Data flush from preprocessor manager to cache, where speed is mostly needed, are done by locking one of four sub caches, and such an additions can go in parallel. Then i also had to fix lots of static vars in dbcache.c as they seem to be used in parralel.

But i have to admit i've failed on this experiment. Spent 3 day's free time, but still was getting very unreliable daemon which keep crashing after 1-2 minutes.

So at the moment i am giving up on this, perhaps later i may revert to this.

pic: four preprocessor managers, doing 118k NVPS combined (note - idle time calculated wrong)

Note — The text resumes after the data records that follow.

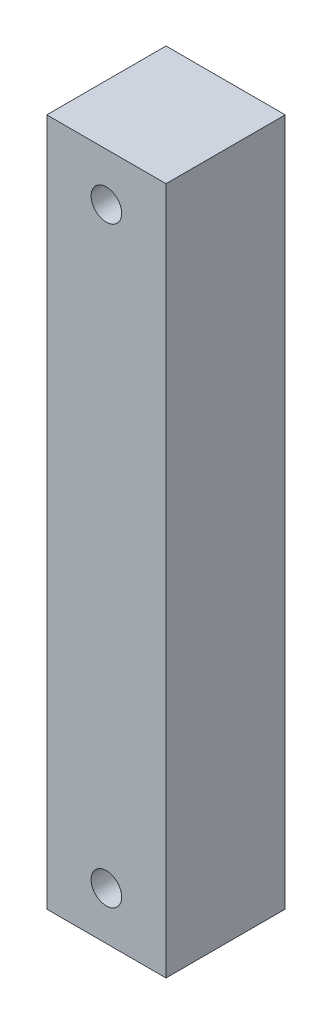
from build123d import *

# Parameters (mm, degrees)
SKETCH1_W           = 11.7
SKETCH1_H           = 11.7
BOSS_EXTRUDE1_DEPTH = 67.5
SKETCH2_R           = 1.5
CUT_EXTRUDE1_DEPTH  = 69.755817936
SKETCH3_R           = 1.5
CUT_EXTRUDE2_DEPTH  = 69.755817936


with BuildPart() as part:
    # Sketch1 → Boss-Extrude1 (new body)
    with BuildSketch(Plane(origin=(0, 0, 0), x_dir=(1, 0, 0), z_dir=(0, 1, 0))):
        Rectangle(SKETCH1_W, SKETCH1_H)
    extrude(amount=BOSS_EXTRUDE1_DEPTH)

    # Sketch2 → Cut-Extrude1 (cut, through all)
    with BuildSketch(Plane.XY.offset(5.85)):
        with Locations((0, 62.8)):
            Circle(SKETCH2_R)
    extrude(amount=-CUT_EXTRUDE1_DEPTH, mode=Mode.SUBTRACT)

    # Sketch3 → Cut-Extrude2 (cut, through all)
    with BuildSketch(Plane.XY.offset(5.85)):
        with Locations((0, 4.7)):
            Circle(SKETCH3_R)
    extrude(amount=-CUT_EXTRUDE2_DEPTH, mode=Mode.SUBTRACT)


solid = part.part

And there is one more reason.

I returned to test machine with E3-1280. And wow!, Zabbix could poll, process and save 118kNVPS (pic) with fixed queueing and 4 preprocessor managers. I would say its 105-110k stable while still having 18-20%idle. And It's kind a lot. My initial goal was to reach 50k. Considering we need 10k on one instance and 2k on the other it's enough capacity to grow for a while.








Wednesday, August 1, 2018

ZABBIX: multiple preprocessing managers

I decided to do that due to one thread of Xeon5645 couldn't handle all the preprocessing job, and also this might be required for faster CPU's but for higher loads.

First, some thoughts i had ahead:
  • 1.there might be a problem if two dependent items go to different managers so they will be waiting one another (deadlock)
  • 2. It must be some kind of workers distribution.
My first idea was to split requests and responses to threads, but then i decided it will be much easier to solve 1 and 2.

Since there was already host-to-queue persistence in queuing version, so i did thread-to-preprocmanager persistence the same way (procnum%4). So all items from each host will get to the same preprocessing manager.

Workers are split by preprocessing managers in the same way, by hashing thair procnum.


So, after fixing the worker log handling problem, preprocessors could handle much more requests.I saw stable value around 110k per 5 seconds per each manager, giving altogether 88k NVPS. I thought of making a 100k, but decided not to waste time on this old hardware, but test something more up to date later.

By the way, measuring prprocessor manager statistics is the way how i prefer to measure NVPS. I assume server collects a bit more from the network. It does requests to inaccessible hosts, which return no data and don't appear at preprocessing manager.

So thats it. Splitting preproc manager is essential if there is a need to achieve more then 50k NVPS stable on modern CPU's. This is what actually was limiting the test server with Xeon E3-1280.